• _Task objective_
Only the lines from the beginning of the data through the line holding "#3=PRODUCT_CONTEXT('',#1,'mechanical');" belong in the answer, printed exactly and without pictures.

• _Dataset records_
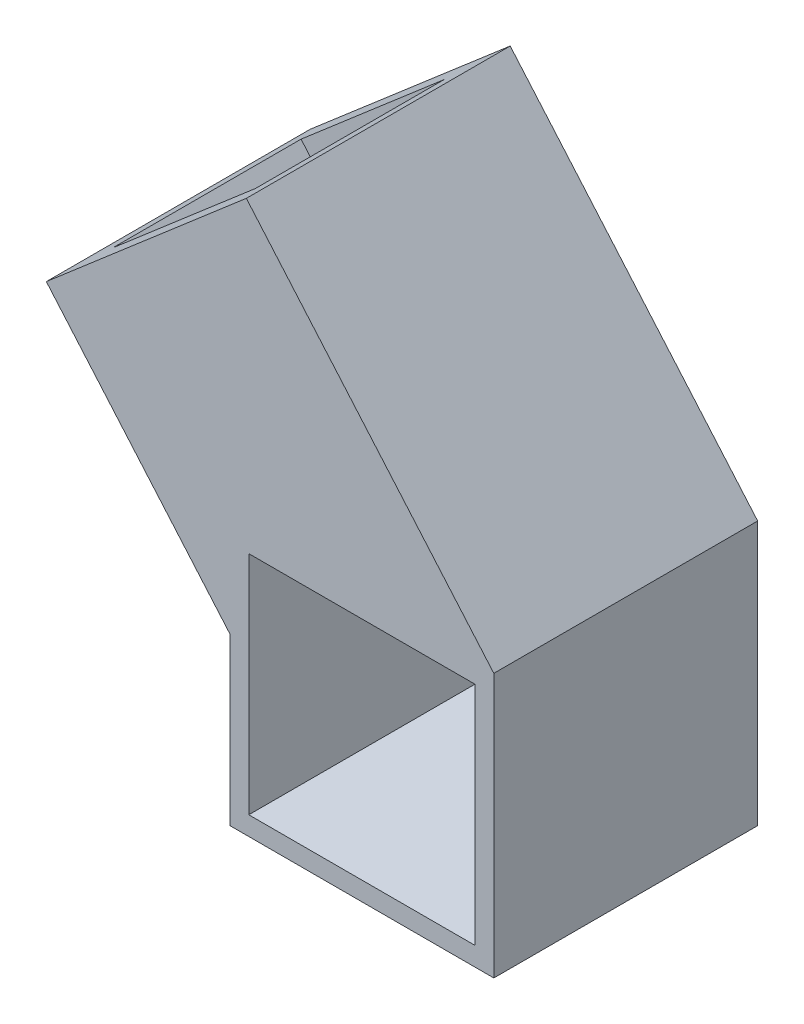
ISO-10303-21;
HEADER;
FILE_DESCRIPTION(('STEP AP214'),'2;1');
FILE_NAME('part.step','',(''),(''),'','','');
FILE_SCHEMA(('AUTOMOTIVE_DESIGN { 1 0 10303 214 1 1 1 1 }'));
ENDSEC;
DATA;
#1=APPLICATION_CONTEXT('core data for automotive mechanical design processes');
#2=APPLICATION_PROTOCOL_DEFINITION('international standard','automotive_design',2000,#1);
#3=PRODUCT_CONTEXT('',#1,'mechanical');
#4=PRODUCT('Part','Part','',(#3));
#5=PRODUCT_RELATED_PRODUCT_CATEGORY('part','',(#4));
#6=PRODUCT_DEFINITION_FORMATION('','',#4);
#7=PRODUCT_DEFINITION_CONTEXT('part definition',#1,'design');
#8=PRODUCT_DEFINITION('design','',#6,#7);
#9=PRODUCT_DEFINITION_SHAPE('','',#8);
#10=(LENGTH_UNIT() NAMED_UNIT(*) SI_UNIT(.MILLI.,.METRE.));
#11=(NAMED_UNIT(*) PLANE_ANGLE_UNIT() SI_UNIT($,.RADIAN.));
#12=(NAMED_UNIT(*) SI_UNIT($,.STERADIAN.) SOLID_ANGLE_UNIT());
#13=UNCERTAINTY_MEASURE_WITH_UNIT(LENGTH_MEASURE(1.E-05),#10,'distance_accuracy_value','');
#14=(GEOMETRIC_REPRESENTATION_CONTEXT(3) GLOBAL_UNCERTAINTY_ASSIGNED_CONTEXT((#13)) GLOBAL_UNIT_ASSIGNED_CONTEXT((#10,
#11,#12)) REPRESENTATION_CONTEXT('',''));
#15=CARTESIAN_POINT('',(0.,0.,0.));
#16=DIRECTION('',(0.,0.,1.));
#17=DIRECTION('',(1.,0.,0.));
#18=AXIS2_PLACEMENT_3D('',#15,#16,#17);
#19=CARTESIAN_POINT('',(-14.0963511863711,16.3822471357785,14.));
#20=DIRECTION('',(-0.652241888058342,0.75801089666448,0.));
#21=DIRECTION('',(-0.75801089666448,-0.652241888058342,0.));
#22=AXIS2_PLACEMENT_3D('',#19,#20,#21);
#23=PLANE('',#22);
#24=DIRECTION('',(0.75801089666448,0.652241888058342,0.));
#25=VECTOR('',#24,1.);
#26=CARTESIAN_POINT('',(-14.0963511863711,16.3822471357785,0.));
#27=LINE('',#26,#25);
#28=CARTESIAN_POINT('',(-9.74268618755543,20.1284237294086,0.));
#29=VERTEX_POINT('',#28);
#30=CARTESIAN_POINT('',(0.869466018358234,29.2598098633093,0.));
#31=VERTEX_POINT('',#30);
#32=EDGE_CURVE('E186',#29,#31,#27,.T.);
#33=ORIENTED_EDGE('',*,*,#32,.F.);
#34=DIRECTION('',(0.,0.,-1.));
#35=VECTOR('',#34,1.);
#36=CARTESIAN_POINT('',(-9.74268618755543,20.1284237294086,14.));
#37=LINE('',#36,#35);
#38=CARTESIAN_POINT('',(-9.74268618755543,20.1284237294086,14.));
#39=VERTEX_POINT('',#38);
#40=EDGE_CURVE('E216',#39,#29,#37,.T.);
#41=ORIENTED_EDGE('',*,*,#40,.F.);
#42=DIRECTION('',(0.75801089666448,0.652241888058342,0.));
#43=VECTOR('',#42,1.);
#44=CARTESIAN_POINT('',(-14.0963511863711,16.3822471357785,14.));
#45=LINE('',#44,#43);
#46=CARTESIAN_POINT('',(0.869466018358234,29.2598098633093,14.));
#47=VERTEX_POINT('',#46);
#48=EDGE_CURVE('E192',#39,#47,#45,.T.);
#49=ORIENTED_EDGE('',*,*,#48,.T.);
#50=DIRECTION('',(0.,0.,-1.));
#51=VECTOR('',#50,1.);
#52=CARTESIAN_POINT('',(0.869466018358234,29.2598098633093,14.));
#53=LINE('',#52,#51);
#54=EDGE_CURVE('E205',#47,#31,#53,.T.);
#55=ORIENTED_EDGE('',*,*,#54,.T.);
#56=EDGE_LOOP('',(#33,#41,#49,#55));
#57=FACE_BOUND('',#56,.T.);
#58=DIRECTION('',(-0.75801089666448,-0.652241888058342,0.));
#59=VECTOR('',#58,1.);
#60=CARTESIAN_POINT('',(-14.0963511863711,16.3822471357785,12.));
#61=LINE('',#60,#59);
#62=CARTESIAN_POINT('',(-0.646555427581676,27.9553263861087,12.));
#63=VERTEX_POINT('',#62);
#64=CARTESIAN_POINT('',(-8.22666439422648,21.4329075055253,12.));
#65=VERTEX_POINT('',#64);
#66=EDGE_CURVE('E177',#63,#65,#61,.T.);
#67=ORIENTED_EDGE('',*,*,#66,.T.);
#68=DIRECTION('',(0.,0.,-1.));
#69=VECTOR('',#68,1.);
#70=CARTESIAN_POINT('',(-8.22666439422648,21.4329075055253,0.));
#71=LINE('',#70,#69);
#72=CARTESIAN_POINT('',(-8.22666439422648,21.4329075055253,2.));
#73=VERTEX_POINT('',#72);
#74=EDGE_CURVE('E55',#65,#73,#71,.T.);
#75=ORIENTED_EDGE('',*,*,#74,.T.);
#76=DIRECTION('',(0.75801089666448,0.652241888058342,0.));
#77=VECTOR('',#76,1.);
#78=CARTESIAN_POINT('',(-14.0963511863711,16.3822471357785,2.));
#79=LINE('',#78,#77);
#80=CARTESIAN_POINT('',(-0.646555427581677,27.9553263861087,2.));
#81=VERTEX_POINT('',#80);
#82=EDGE_CURVE('E164',#73,#81,#79,.T.);
#83=ORIENTED_EDGE('',*,*,#82,.T.);
#84=DIRECTION('',(0.,0.,1.));
#85=VECTOR('',#84,1.);
#86=CARTESIAN_POINT('',(-0.646555427581677,27.9553263861087,0.));
#87=LINE('',#86,#85);
#88=EDGE_CURVE('E168',#81,#63,#87,.T.);
#89=ORIENTED_EDGE('',*,*,#88,.T.);
#90=EDGE_LOOP('',(#67,#75,#83,#89));
#91=FACE_BOUND('',#90,.T.);
#92=ADVANCED_FACE('F39',(#57,#91),#23,.T.);
#93=CARTESIAN_POINT('',(0.,0.,14.));
#94=DIRECTION('',(0.,0.,-1.));
#95=DIRECTION('',(-1.,0.,0.));
#96=AXIS2_PLACEMENT_3D('',#93,#94,#95);
#97=PLANE('',#96);
#98=DIRECTION('',(-0.652241888058342,0.75801089666448,0.));
#99=VECTOR('',#98,1.);
#100=CARTESIAN_POINT('',(4.35366499881566,3.74617659363011,14.));
#101=LINE('',#100,#99);
#102=CARTESIAN_POINT('',(0.,8.805841681,14.));
#103=VERTEX_POINT('',#102);
#104=EDGE_CURVE('E201',#103,#39,#101,.T.);
#105=ORIENTED_EDGE('',*,*,#104,.F.);
#106=DIRECTION('',(0.,-1.,0.));
#107=VECTOR('',#106,1.);
#108=CARTESIAN_POINT('',(0.,0.,14.));
#109=LINE('',#108,#107);
#110=CARTESIAN_POINT('',(0.,0.,14.));
#111=VERTEX_POINT('',#110);
#112=EDGE_CURVE('E63',#103,#111,#109,.T.);
#113=ORIENTED_EDGE('',*,*,#112,.T.);
#114=DIRECTION('',(1.,0.,0.));
#115=VECTOR('',#114,1.);
#116=CARTESIAN_POINT('',(0.,0.,14.));
#117=LINE('',#116,#115);
#118=CARTESIAN_POINT('',(14.,0.,14.));
#119=VERTEX_POINT('',#118);
#120=EDGE_CURVE('E270',#111,#119,#117,.T.);
#121=ORIENTED_EDGE('',*,*,#120,.T.);
#122=DIRECTION('',(0.,1.,0.));
#123=VECTOR('',#122,1.);
#124=CARTESIAN_POINT('',(14.,0.,14.));
#125=LINE('',#124,#123);
#126=CARTESIAN_POINT('',(14.,14.,14.));
#127=VERTEX_POINT('',#126);
#128=EDGE_CURVE('E274',#119,#127,#125,.T.);
#129=ORIENTED_EDGE('',*,*,#128,.T.);
#130=DIRECTION('',(0.652241888058342,-0.75801089666448,0.));
#131=VECTOR('',#130,1.);
#132=CARTESIAN_POINT('',(14.9658172047293,12.8775627275308,14.));
#133=LINE('',#132,#131);
#134=EDGE_CURVE('E196',#47,#127,#133,.T.);
#135=ORIENTED_EDGE('',*,*,#134,.F.);
#136=ORIENTED_EDGE('',*,*,#48,.F.);
#137=EDGE_LOOP('',(#105,#113,#121,#129,#135,#136));
#138=FACE_BOUND('',#137,.T.);
#139=DIRECTION('',(0.,-1.,0.));
#140=VECTOR('',#139,1.);
#141=CARTESIAN_POINT('',(1.,1.,14.));
#142=LINE('',#141,#140);
#143=CARTESIAN_POINT('',(1.,13.,14.));
#144=VERTEX_POINT('',#143);
#145=CARTESIAN_POINT('',(1.,1.,14.));
#146=VERTEX_POINT('',#145);
#147=EDGE_CURVE('E225',#144,#146,#142,.T.);
#148=ORIENTED_EDGE('',*,*,#147,.F.);
#149=DIRECTION('',(-1.,0.,0.));
#150=VECTOR('',#149,1.);
#151=CARTESIAN_POINT('',(1.,13.,14.));
#152=LINE('',#151,#150);
#153=CARTESIAN_POINT('',(13.,13.,14.));
#154=VERTEX_POINT('',#153);
#155=EDGE_CURVE('E236',#154,#144,#152,.T.);
#156=ORIENTED_EDGE('',*,*,#155,.F.);
#157=DIRECTION('',(0.,1.,0.));
#158=VECTOR('',#157,1.);
#159=CARTESIAN_POINT('',(13.,1.,14.));
#160=LINE('',#159,#158);
#161=CARTESIAN_POINT('',(13.,1.,14.));
#162=VERTEX_POINT('',#161);
#163=EDGE_CURVE('E232',#162,#154,#160,.T.);
#164=ORIENTED_EDGE('',*,*,#163,.F.);
#165=DIRECTION('',(1.,0.,0.));
#166=VECTOR('',#165,1.);
#167=CARTESIAN_POINT('',(1.,1.,14.));
#168=LINE('',#167,#166);
#169=EDGE_CURVE('E228',#146,#162,#168,.T.);
#170=ORIENTED_EDGE('',*,*,#169,.F.);
#171=EDGE_LOOP('',(#148,#156,#164,#170));
#172=FACE_BOUND('',#171,.T.);
#173=ADVANCED_FACE('F310',(#138,#172),#97,.F.);
#174=CARTESIAN_POINT('',(0.,0.,0.));
#175=DIRECTION('',(0.,0.,-1.));
#176=DIRECTION('',(-1.,0.,0.));
#177=AXIS2_PLACEMENT_3D('',#174,#175,#176);
#178=PLANE('',#177);
#179=DIRECTION('',(0.,-1.,0.));
#180=VECTOR('',#179,1.);
#181=CARTESIAN_POINT('',(0.,0.,0.));
#182=LINE('',#181,#180);
#183=CARTESIAN_POINT('',(0.,8.805841681,0.));
#184=VERTEX_POINT('',#183);
#185=CARTESIAN_POINT('',(0.,0.,0.));
#186=VERTEX_POINT('',#185);
#187=EDGE_CURVE('E267',#184,#186,#182,.T.);
#188=ORIENTED_EDGE('',*,*,#187,.F.);
#189=DIRECTION('',(-0.652241888058342,0.75801089666448,0.));
#190=VECTOR('',#189,1.);
#191=CARTESIAN_POINT('',(4.35366499881566,3.74617659363011,0.));
#192=LINE('',#191,#190);
#193=EDGE_CURVE('E197',#184,#29,#192,.T.);
#194=ORIENTED_EDGE('',*,*,#193,.T.);
#195=ORIENTED_EDGE('',*,*,#32,.T.);
#196=DIRECTION('',(0.652241888058342,-0.75801089666448,0.));
#197=VECTOR('',#196,1.);
#198=CARTESIAN_POINT('',(14.9658172047293,12.8775627275308,0.));
#199=LINE('',#198,#197);
#200=CARTESIAN_POINT('',(14.,14.,0.));
#201=VERTEX_POINT('',#200);
#202=EDGE_CURVE('E209',#31,#201,#199,.T.);
#203=ORIENTED_EDGE('',*,*,#202,.T.);
#204=DIRECTION('',(0.,1.,0.));
#205=VECTOR('',#204,1.);
#206=CARTESIAN_POINT('',(14.,0.,0.));
#207=LINE('',#206,#205);
#208=CARTESIAN_POINT('',(14.,0.,0.));
#209=VERTEX_POINT('',#208);
#210=EDGE_CURVE('E271',#209,#201,#207,.T.);
#211=ORIENTED_EDGE('',*,*,#210,.F.);
#212=DIRECTION('',(1.,0.,0.));
#213=VECTOR('',#212,1.);
#214=CARTESIAN_POINT('',(0.,0.,0.));
#215=LINE('',#214,#213);
#216=EDGE_CURVE('E280',#186,#209,#215,.T.);
#217=ORIENTED_EDGE('',*,*,#216,.F.);
#218=EDGE_LOOP('',(#188,#194,#195,#203,#211,#217));
#219=FACE_BOUND('',#218,.T.);
#220=DIRECTION('',(-1.,0.,0.));
#221=VECTOR('',#220,1.);
#222=CARTESIAN_POINT('',(1.,13.,0.));
#223=LINE('',#222,#221);
#224=CARTESIAN_POINT('',(13.,13.,0.));
#225=VERTEX_POINT('',#224);
#226=CARTESIAN_POINT('',(1.,13.,0.));
#227=VERTEX_POINT('',#226);
#228=EDGE_CURVE('E229',#225,#227,#223,.T.);
#229=ORIENTED_EDGE('',*,*,#228,.T.);
#230=DIRECTION('',(0.,-1.,0.));
#231=VECTOR('',#230,1.);
#232=CARTESIAN_POINT('',(1.,1.,0.));
#233=LINE('',#232,#231);
#234=CARTESIAN_POINT('',(1.,1.,0.));
#235=VERTEX_POINT('',#234);
#236=EDGE_CURVE('E219',#227,#235,#233,.T.);
#237=ORIENTED_EDGE('',*,*,#236,.T.);
#238=DIRECTION('',(1.,0.,0.));
#239=VECTOR('',#238,1.);
#240=CARTESIAN_POINT('',(1.,1.,0.));
#241=LINE('',#240,#239);
#242=CARTESIAN_POINT('',(13.,1.,0.));
#243=VERTEX_POINT('',#242);
#244=EDGE_CURVE('E243',#235,#243,#241,.T.);
#245=ORIENTED_EDGE('',*,*,#244,.T.);
#246=DIRECTION('',(0.,1.,0.));
#247=VECTOR('',#246,1.);
#248=CARTESIAN_POINT('',(13.,1.,0.));
#249=LINE('',#248,#247);
#250=EDGE_CURVE('E247',#243,#225,#249,.T.);
#251=ORIENTED_EDGE('',*,*,#250,.T.);
#252=EDGE_LOOP('',(#229,#237,#245,#251));
#253=FACE_BOUND('',#252,.T.);
#254=ADVANCED_FACE('F300',(#219,#253),#178,.T.);
#255=CARTESIAN_POINT('',(0.,0.,14.));
#256=DIRECTION('',(1.,0.,0.));
#257=DIRECTION('',(0.,0.,-1.));
#258=AXIS2_PLACEMENT_3D('',#255,#256,#257);
#259=PLANE('',#258);
#260=ORIENTED_EDGE('',*,*,#112,.F.);
#261=DIRECTION('',(0.,0.,-1.));
#262=VECTOR('',#261,1.);
#263=CARTESIAN_POINT('',(0.,8.805841681,14.));
#264=LINE('',#263,#262);
#265=EDGE_CURVE('E220',#103,#184,#264,.T.);
#266=ORIENTED_EDGE('',*,*,#265,.T.);
#267=ORIENTED_EDGE('',*,*,#187,.T.);
#268=DIRECTION('',(0.,0.,-1.));
#269=VECTOR('',#268,1.);
#270=CARTESIAN_POINT('',(0.,0.,14.));
#271=LINE('',#270,#269);
#272=EDGE_CURVE('E11',#111,#186,#271,.T.);
#273=ORIENTED_EDGE('',*,*,#272,.F.);
#274=EDGE_LOOP('',(#260,#266,#267,#273));
#275=FACE_BOUND('',#274,.T.);
#276=ADVANCED_FACE('F41',(#275),#259,.F.);
#277=CARTESIAN_POINT('',(0.,0.,14.));
#278=DIRECTION('',(0.,1.,0.));
#279=DIRECTION('',(0.,0.,1.));
#280=AXIS2_PLACEMENT_3D('',#277,#278,#279);
#281=PLANE('',#280);
#282=ORIENTED_EDGE('',*,*,#216,.T.);
#283=DIRECTION('',(0.,0.,-1.));
#284=VECTOR('',#283,1.);
#285=CARTESIAN_POINT('',(14.,0.,14.));
#286=LINE('',#285,#284);
#287=EDGE_CURVE('E48',#119,#209,#286,.T.);
#288=ORIENTED_EDGE('',*,*,#287,.F.);
#289=ORIENTED_EDGE('',*,*,#120,.F.);
#290=ORIENTED_EDGE('',*,*,#272,.T.);
#291=EDGE_LOOP('',(#282,#288,#289,#290));
#292=FACE_BOUND('',#291,.T.);
#293=ADVANCED_FACE('F317',(#292),#281,.F.);
#294=CARTESIAN_POINT('',(14.,0.,14.));
#295=DIRECTION('',(-1.,0.,0.));
#296=DIRECTION('',(0.,0.,1.));
#297=AXIS2_PLACEMENT_3D('',#294,#295,#296);
#298=PLANE('',#297);
#299=ORIENTED_EDGE('',*,*,#210,.T.);
#300=DIRECTION('',(0.,0.,-1.));
#301=VECTOR('',#300,1.);
#302=CARTESIAN_POINT('',(14.,14.,14.));
#303=LINE('',#302,#301);
#304=EDGE_CURVE('E277',#127,#201,#303,.T.);
#305=ORIENTED_EDGE('',*,*,#304,.F.);
#306=ORIENTED_EDGE('',*,*,#128,.F.);
#307=ORIENTED_EDGE('',*,*,#287,.T.);
#308=EDGE_LOOP('',(#299,#305,#306,#307));
#309=FACE_BOUND('',#308,.T.);
#310=ADVANCED_FACE('F293',(#309),#298,.F.);
#311=CARTESIAN_POINT('',(1.,1.,14.));
#312=DIRECTION('',(1.,0.,0.));
#313=DIRECTION('',(0.,0.,-1.));
#314=AXIS2_PLACEMENT_3D('',#311,#312,#313);
#315=PLANE('',#314);
#316=ORIENTED_EDGE('',*,*,#236,.F.);
#317=DIRECTION('',(0.,0.,-1.));
#318=VECTOR('',#317,1.);
#319=CARTESIAN_POINT('',(1.,13.,14.));
#320=LINE('',#319,#318);
#321=EDGE_CURVE('E239',#144,#227,#320,.T.);
#322=ORIENTED_EDGE('',*,*,#321,.F.);
#323=ORIENTED_EDGE('',*,*,#147,.T.);
#324=DIRECTION('',(0.,0.,-1.));
#325=VECTOR('',#324,1.);
#326=CARTESIAN_POINT('',(1.,1.,14.));
#327=LINE('',#326,#325);
#328=EDGE_CURVE('E263',#146,#235,#327,.T.);
#329=ORIENTED_EDGE('',*,*,#328,.T.);
#330=EDGE_LOOP('',(#316,#322,#323,#329));
#331=FACE_BOUND('',#330,.T.);
#332=ADVANCED_FACE('F344',(#331),#315,.T.);
#333=CARTESIAN_POINT('',(1.,1.,14.));
#334=DIRECTION('',(0.,1.,0.));
#335=DIRECTION('',(0.,0.,1.));
#336=AXIS2_PLACEMENT_3D('',#333,#334,#335);
#337=PLANE('',#336);
#338=ORIENTED_EDGE('',*,*,#244,.F.);
#339=ORIENTED_EDGE('',*,*,#328,.F.);
#340=ORIENTED_EDGE('',*,*,#169,.T.);
#341=DIRECTION('',(0.,0.,-1.));
#342=VECTOR('',#341,1.);
#343=CARTESIAN_POINT('',(13.,1.,14.));
#344=LINE('',#343,#342);
#345=EDGE_CURVE('E260',#162,#243,#344,.T.);
#346=ORIENTED_EDGE('',*,*,#345,.T.);
#347=EDGE_LOOP('',(#338,#339,#340,#346));
#348=FACE_BOUND('',#347,.T.);
#349=ADVANCED_FACE('F340',(#348),#337,.T.);
#350=CARTESIAN_POINT('',(13.,1.,14.));
#351=DIRECTION('',(-1.,0.,0.));
#352=DIRECTION('',(0.,-1.,0.));
#353=AXIS2_PLACEMENT_3D('',#350,#351,#352);
#354=PLANE('',#353);
#355=ORIENTED_EDGE('',*,*,#250,.F.);
#356=ORIENTED_EDGE('',*,*,#345,.F.);
#357=ORIENTED_EDGE('',*,*,#163,.T.);
#358=DIRECTION('',(0.,0.,-1.));
#359=VECTOR('',#358,1.);
#360=CARTESIAN_POINT('',(13.,13.,14.));
#361=LINE('',#360,#359);
#362=EDGE_CURVE('E257',#154,#225,#361,.T.);
#363=ORIENTED_EDGE('',*,*,#362,.T.);
#364=EDGE_LOOP('',(#355,#356,#357,#363));
#365=FACE_BOUND('',#364,.T.);
#366=ADVANCED_FACE('F336',(#365),#354,.T.);
#367=CARTESIAN_POINT('',(1.,13.,14.));
#368=DIRECTION('',(0.,-1.,0.));
#369=DIRECTION('',(0.,0.,-1.));
#370=AXIS2_PLACEMENT_3D('',#367,#368,#369);
#371=PLANE('',#370);
#372=ORIENTED_EDGE('',*,*,#228,.F.);
#373=ORIENTED_EDGE('',*,*,#362,.F.);
#374=ORIENTED_EDGE('',*,*,#155,.T.);
#375=ORIENTED_EDGE('',*,*,#321,.T.);
#376=EDGE_LOOP('',(#372,#373,#374,#375));
#377=FACE_BOUND('',#376,.T.);
#378=ADVANCED_FACE('F333',(#377),#371,.T.);
#379=CARTESIAN_POINT('',(4.35366499881566,3.74617659363011,14.));
#380=DIRECTION('',(-0.75801089666448,-0.652241888058342,0.));
#381=DIRECTION('',(0.652241888058342,-0.75801089666448,0.));
#382=AXIS2_PLACEMENT_3D('',#379,#380,#381);
#383=PLANE('',#382);
#384=ORIENTED_EDGE('',*,*,#193,.F.);
#385=ORIENTED_EDGE('',*,*,#265,.F.);
#386=ORIENTED_EDGE('',*,*,#104,.T.);
#387=ORIENTED_EDGE('',*,*,#40,.T.);
#388=EDGE_LOOP('',(#384,#385,#386,#387));
#389=FACE_BOUND('',#388,.T.);
#390=ADVANCED_FACE('F316',(#389),#383,.T.);
#391=CARTESIAN_POINT('',(14.9658172047293,12.8775627275308,14.));
#392=DIRECTION('',(0.75801089666448,0.652241888058342,0.));
#393=DIRECTION('',(-0.652241888058342,0.75801089666448,0.));
#394=AXIS2_PLACEMENT_3D('',#391,#392,#393);
#395=PLANE('',#394);
#396=ORIENTED_EDGE('',*,*,#202,.F.);
#397=ORIENTED_EDGE('',*,*,#54,.F.);
#398=ORIENTED_EDGE('',*,*,#134,.T.);
#399=ORIENTED_EDGE('',*,*,#304,.T.);
#400=EDGE_LOOP('',(#396,#397,#398,#399));
#401=FACE_BOUND('',#400,.T.);
#402=ADVANCED_FACE('F305',(#401),#395,.T.);
#403=CARTESIAN_POINT('',(-1.70424551364305,13.8527985388805,0.));
#404=DIRECTION('',(0.75801089666448,0.652241888058342,0.));
#405=DIRECTION('',(-0.652241888058342,0.75801089666448,0.));
#406=AXIS2_PLACEMENT_3D('',#403,#404,#405);
#407=PLANE('',#406);
#408=ORIENTED_EDGE('',*,*,#74,.F.);
#409=DIRECTION('',(-0.652241888058342,0.75801089666448,0.));
#410=VECTOR('',#409,1.);
#411=CARTESIAN_POINT('',(-1.70424551364305,13.8527985388805,12.));
#412=LINE('',#411,#410);
#413=CARTESIAN_POINT('',(-1.70424551364305,13.8527985388805,12.));
#414=VERTEX_POINT('',#413);
#415=EDGE_CURVE('E146',#414,#65,#412,.T.);
#416=ORIENTED_EDGE('',*,*,#415,.F.);
#417=DIRECTION('',(0.,0.,-1.));
#418=VECTOR('',#417,1.);
#419=CARTESIAN_POINT('',(-1.70424551364305,13.8527985388805,0.));
#420=LINE('',#419,#418);
#421=CARTESIAN_POINT('',(-1.70424551364305,13.8527985388805,2.));
#422=VERTEX_POINT('',#421);
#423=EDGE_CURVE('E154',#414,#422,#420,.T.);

• _Output of the task_
ISO-10303-21;
HEADER;
FILE_DESCRIPTION(('STEP AP214'),'2;1');
FILE_NAME('part.step','',(''),(''),'','','');
FILE_SCHEMA(('AUTOMOTIVE_DESIGN { 1 0 10303 214 1 1 1 1 }'));
ENDSEC;
DATA;
#1=APPLICATION_CONTEXT('core data for automotive mechanical design processes');
#2=APPLICATION_PROTOCOL_DEFINITION('international standard','automotive_design',2000,#1);
#3=PRODUCT_CONTEXT('',#1,'mechanical');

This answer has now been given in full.